**Assignment**
Give back, word for word, only the lines from the opening of the records through the one with "col_collection_1 = bpy.data.collections.new('Collection". Pictures stay out.

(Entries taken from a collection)
........
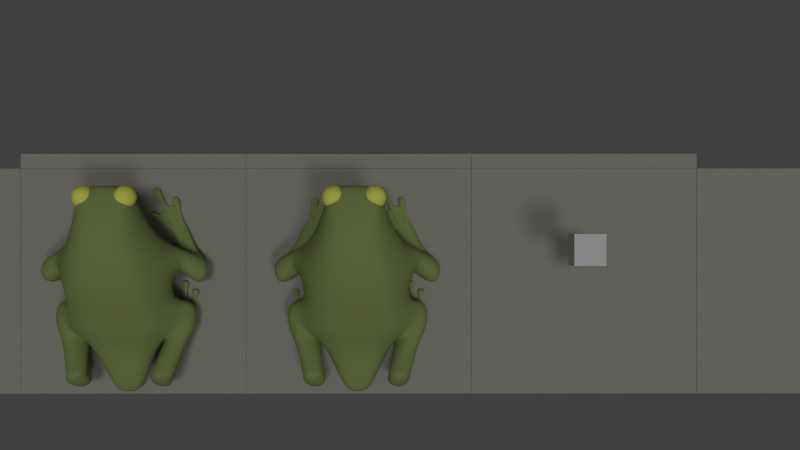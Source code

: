 # Source: Frogger.blend  (saved by Blender 2.70.0; exported with 4.5.12 LTS)
import bpy
from mathutils import Matrix  # noqa: F401  (used for matrix-valued properties, if any)

bpy.ops.wm.read_factory_settings(use_empty=True)
scene = bpy.context.scene
scene.name = 'Scene'

# ---- collections
col_collection_1 = bpy.data.collections.new('Collection 1'); scene.collection.children.link(col_collection_1)
col_collection_2 = bpy.data.collections.new('Collection 2'); scene.collection.children.link(col_collection_2)
col_collection_2.hide_render = True
col_collection_2.hide_viewport = True

# ---- materials (node trees are filled in below, after node groups)
mat_body = bpy.data.materials.new('Body')
mat_body.alpha_threshold = 0.0
mat_body.use_transparent_shadow = False
mat_body.diffuse_color = (0.315, 0.3931, 0.1361, 1.0)
mat_body.roughness = 0.5
mat_body.specular_intensity = 0.1115
mat_body.line_color = (0.0, 0.0, 0.0, 1.0)
mat_eyes = bpy.data.materials.new('Eyes')
mat_eyes.alpha_threshold = 0.0
mat_eyes.use_transparent_shadow = False
mat_eyes.diffuse_color = (1.0, 1.0, 0.1814, 1.0)
mat_eyes.roughness = 0.5
mat_eyes.line_color = (0.0, 0.0, 0.0, 1.0)
mat_material_002 = bpy.data.materials.new('Material.002')
mat_material_002.alpha_threshold = 0.0
mat_material_002.use_transparent_shadow = False
mat_material_002.diffuse_color = (0.3931, 0.3786, 0.335, 1.0)
mat_material_002.roughness = 0.5
mat_material_002.specular_intensity = 0.0942
mat_material_002.line_color = (0.0, 0.0, 0.0, 1.0)

# ---- material node trees

# ---- world
world_world = bpy.data.worlds.new('World'); scene.world = world_world
world_world.color = (0.05088, 0.05088, 0.05088)
world_world.use_sun_shadow = False
world_world.sun_shadow_jitter_overblur = 0.0
world_world.cycles.sampling_method = 'MANUAL'
world_world.cycles.sample_map_resolution = 256

# ---- cameras
cam_camera_002 = bpy.data.cameras.new('Camera.002')
cam_camera_002.clip_end = 100.0
cam_camera_002.lens = 35.0
cam_camera_002.sensor_width = 32.0
cam_camera_002.sensor_height = 18.0
cam_camera_002.dof.focus_distance = 0.0
cam_camera_002.dof.aperture_fstop = 128.0

# ---- lights
light_hemi_001 = bpy.data.lights.new('Hemi.001', 'SUN')
light_hemi_001.transmission_factor = 0.0
light_hemi_001.angle = 0.1993
light_hemi_001.energy = 0.15
light_hemi_001.shadow_buffer_clip_start = 0.5
light_hemi_001.shadow_soft_size = 0.1
light_hemi_001.shadow_cascade_max_distance = 1000.0
light_hemi_001.cycles.use_multiple_importance_sampling = False
light_hemi = bpy.data.lights.new('Hemi', 'SUN')
light_hemi.transmission_factor = 0.0
light_hemi.angle = 0.1993
light_hemi.energy = 0.5
light_hemi.shadow_buffer_clip_start = 0.5
light_hemi.shadow_soft_size = 0.1
light_hemi.shadow_cascade_max_distance = 1000.0
light_hemi.cycles.use_multiple_importance_sampling = False
light_sun = bpy.data.lights.new('Sun', 'SUN')
light_sun.transmission_factor = 0.0
light_sun.angle = 0.1993
light_sun.energy = 0.3
light_sun.shadow_buffer_clip_start = 0.5
light_sun.shadow_soft_size = 0.1
light_sun.shadow_cascade_max_distance = 1000.0
light_sun.cycles.use_multiple_importance_sampling = False

# ---- meshes
me_cube_003 = bpy.data.meshes.new('Cube.003')
me_cube_003.from_pydata([(-1.0, -1.0, -1.0), (-1.0, 1.0, -1.0), (1.0, 1.0, -1.0), (1.0, -1.0, -1.0), (-1.0, -1.0, 1.0), (-1.0, 1.0, 1.0), (1.0, 1.0, 1.0), (1.0, -1.0, 1.0)], [], [(4, 5, 1, 0), (5, 6, 2, 1), (6, 7, 3, 2), (7, 4, 0, 3), (0, 1, 2, 3), (7, 6, 5, 4)])
me_cube_003.use_remesh_preserve_volume = False
me_cube_003.use_remesh_preserve_attributes = False
me_cube_003.use_mirror_vertex_groups = False
me_cube_003.update()
me_cube_002 = bpy.data.meshes.new('Cube.002')
me_cube_002.from_pydata([(0.74, 0.8794, -0.7715), (1.46, -1.158, -0.8112), (0.7483, 1.09, 0.4242), (1.518, -0.8112, 1.158), (2.179, -2.523, -0.743), (1.562, -2.027, 2.07), (2.988, -3.345, -0.5914), (2.432, -2.663, 2.728), (2.687, -8.729, 0.2115), (2.397, -7.157, 5.703), (0.8701, 1.958, -0.4017), (1.914, -0.585, 0.04664), (2.987, -2.25, 0.6906), (3.83, -3.192, 1.348), (3.954, -8.798, 2.606), (1.804, -9.713, 6.215), (2.422, -11.26, 2.759), (2.432, -5.68, 4.969), (2.629, -6.219, 0.09804), (4.111, -6.515, 2.373), (0.0, 0.8794, -0.7715), (0.0, -1.158, -0.8112), (0.0, 1.09, 0.4242), (0.0, -0.8112, 1.158), (0.0, -2.523, -0.743), (0.0, -2.027, 2.07), (0.0, -3.345, -0.5914), (0.0, -2.663, 2.728), (0.0, -9.439, 0.2115), (0.0, -7.157, 5.703), (0.0, 1.958, -0.4017), (0.0, -10.48, 1.968), (0.0, -9.713, 6.215), (0.0, -11.26, 2.759), (0.0, -5.68, 4.969), (0.0, -6.363, 0.09804), (2.432, -4.172, 3.848), (2.949, -4.974, -0.2467), (3.83, -5.259, 1.789), (0.0, -4.172, 3.848), (0.0, -4.854, -0.2467), (2.355, -1.991, -0.37), (3.261, -3.259, -0.808), (2.935, -1.853, 1.587), (4.383, -3.106, 0.9933), (3.222, -4.768, -0.4633), (4.383, -5.053, 1.074), (3.878, -1.942, -0.8165), (4.078, -3.001, -1.457), (4.458, -1.804, 1.14), (5.2, -2.847, 0.3443), (4.039, -4.51, -1.112), (5.2, -4.795, 0.4247), (2.044, -0.06729, 1.387), (2.162, 0.2109, 2.861), (3.53, 0.148, 0.7984), (3.727, 0.572, 2.42), (2.003, 1.137, 1.201), (3.175, 1.395, 1.096), (2.349, 0.6913, -0.01848), (3.185, 0.8502, 0.1279), (2.945, -1.986, -0.9255), (4.056, -1.921, -0.5747), (3.07, -1.604, -1.385), (3.906, -1.445, -1.238), (3.198, -2.958, -1.013), (4.309, -2.837, -1.047), (3.324, -2.992, -1.419), (4.16, -2.906, -1.56), (3.198, -4.015, -1.095), (4.309, -4.015, -1.11), (3.324, -4.015, -1.275), (4.16, -4.015, -1.338), (3.198, -4.161, -1.095), (4.309, -4.161, -1.11), (3.324, -4.161, -1.275), (4.16, -4.161, -1.338), (3.939, -4.161, -1.105), (3.568, -4.161, -1.1), (3.881, -4.161, -1.317), (3.602, -4.161, -1.296), (4.259, -4.161, -1.186), (4.209, -4.161, -1.262), (3.24, -4.161, -1.155), (3.282, -4.161, -1.215), (2.608, -5.287, -1.095), (2.734, -5.287, -1.275), (2.988, -5.287, -1.1), (3.027, -5.287, -1.296), (2.651, -5.287, -1.155), (2.692, -5.287, -1.215), (4.639, -4.999, -1.11), (4.49, -4.999, -1.338), (4.269, -4.999, -1.105), (4.211, -4.999, -1.317), (4.589, -4.999, -1.186), (4.539, -4.999, -1.262), (4.605, -5.102, -1.038), (4.643, -5.102, -1.415), (4.185, -5.102, -1.03), (4.166, -5.102, -1.38), (4.676, -5.102, -1.164), (4.696, -5.102, -1.289), (2.571, -5.41, -1.007), (2.659, -5.41, -1.332), (3.007, -5.41, -0.9997), (3.063, -5.41, -1.367), (2.516, -5.41, -1.128), (2.524, -5.41, -1.242), (2.447, -5.823, -0.9901), (2.528, -5.823, -1.332), (2.876, -5.823, -0.9997), (2.932, -5.823, -1.367), (2.396, -5.823, -1.108), (2.394, -5.823, -1.236), (3.901, -4.389, -1.124), (3.604, -4.389, -1.12), (3.855, -4.389, -1.294), (3.631, -4.389, -1.278), (3.849, -4.949, -1.151), (3.653, -4.949, -1.149), (3.818, -4.949, -1.264), (3.671, -4.949, -1.253), (3.948, -5.663, -1.078), (3.56, -5.663, -1.071), (3.887, -5.663, -1.347), (3.596, -5.663, -1.321), (4.019, -5.739, -1.032), (3.493, -5.739, -1.024), (3.937, -5.739, -1.398), (3.541, -5.739, -1.362), (4.019, -6.078, -1.032), (3.493, -6.078, -1.024), (3.937, -6.078, -1.398), (3.541, -6.078, -1.362), (4.605, -5.488, -1.038), (4.643, -5.488, -1.415), (4.185, -5.488, -1.03), (4.166, -5.488, -1.38), (4.676, -5.488, -1.164), (4.696, -5.488, -1.289), (4.327, -4.58, -1.237), (4.348, -4.58, -1.205), (4.369, -4.58, -1.172), (4.186, -4.58, -1.261), (4.305, -4.58, -1.27), (4.211, -4.58, -1.17), (3.009, -4.724, -1.172), (3.03, -4.724, -1.202), (2.987, -4.724, -1.141), (3.052, -4.724, -1.233), (3.198, -4.724, -1.244), (3.18, -4.724, -1.143), (3.906, -8.394, -0.0001447), (4.621, -8.328, 2.01), (2.881, -7.006, -0.05647), (4.31, -6.968, 1.777), (4.634, -8.174, -0.09361), (5.314, -7.84, 1.606), (3.767, -6.803, -0.2643), (5.003, -5.727, 1.373), (5.235, -7.719, -0.7403), (6.204, -7.519, 1.016), (4.657, -5.959, -0.8538), (5.893, -5.562, 0.7834), (4.372, -8.964, -0.4858), (3.363, -8.102, -0.5178), (4.456, -8.739, -1.379), (3.77, -7.722, -1.312), (3.915, -9.943, -0.8474), (2.833, -9.305, -0.8474), (4.205, -9.314, -1.385), (3.178, -8.726, -1.418), (1.777, -11.55, 5.578), (1.643, -13.1, 5.042), (0.0, -11.55, 5.578), (0.0, -13.1, 5.042), (3.702, -10.2, -1.369), (2.62, -9.561, -1.369), (3.614, -10.35, -1.023), (2.532, -9.711, -1.023), (3.614, -10.35, -1.369), (2.532, -9.711, -1.369), (2.892, -9.924, -1.023), (3.253, -10.14, -1.023), (2.892, -9.924, -1.369), (3.253, -10.14, -1.369), (3.614, -10.35, -1.138), (3.614, -10.35, -1.253), (2.532, -9.711, -1.253), (2.532, -9.711, -1.138), (3.253, -10.14, -1.138), (3.253, -10.14, -1.253), (2.892, -9.924, -1.138), (2.892, -9.924, -1.253), (1.636, -10.36, -1.023), (1.636, -10.36, -1.369), (1.857, -10.72, -1.023), (1.857, -10.72, -1.369), (1.636, -10.36, -1.253), (1.636, -10.36, -1.138), (1.857, -10.72, -1.138), (1.857, -10.72, -1.253), (1.541, -10.35, -0.9726), (1.53, -10.54, -1.362), (1.827, -10.81, -0.9726), (1.646, -10.73, -1.362), (1.541, -10.35, -1.27), (1.541, -10.35, -1.121), (1.827, -10.81, -1.121), (1.827, -10.81, -1.27), (1.218, -10.55, -0.9726), (1.398, -10.63, -1.362), (1.504, -11.01, -0.9726), (1.515, -10.81, -1.362), (1.218, -10.55, -1.27), (1.218, -10.55, -1.121), (1.504, -11.01, -1.121), (1.504, -11.01, -1.27), (2.282, -10.23, -1.175), (2.282, -10.23, -1.217), (2.282, -10.23, -1.133), (2.282, -10.23, -1.259), (2.176, -10.13, -1.175), (2.176, -10.13, -1.217), (2.176, -10.13, -1.259), (2.176, -10.13, -1.133), (1.528, -10.58, -0.9331), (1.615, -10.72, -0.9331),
........
**Response below**
Source code

: # Source: Frogger.blend  (saved by Blender 2.70.0; exported with 4.5.12 LTS)
import bpy
from mathutils import Matrix  # noqa: F401  (used for matrix-valued properties, if any)

bpy.ops.wm.read_factory_settings(use_empty=True)
scene = bpy.context.scene
scene.name = 'Scene'

# ---- collections
col_collection_1 = bpy.data.collections.new('Collection 1'); scene.collection.children.link(col_collection_1)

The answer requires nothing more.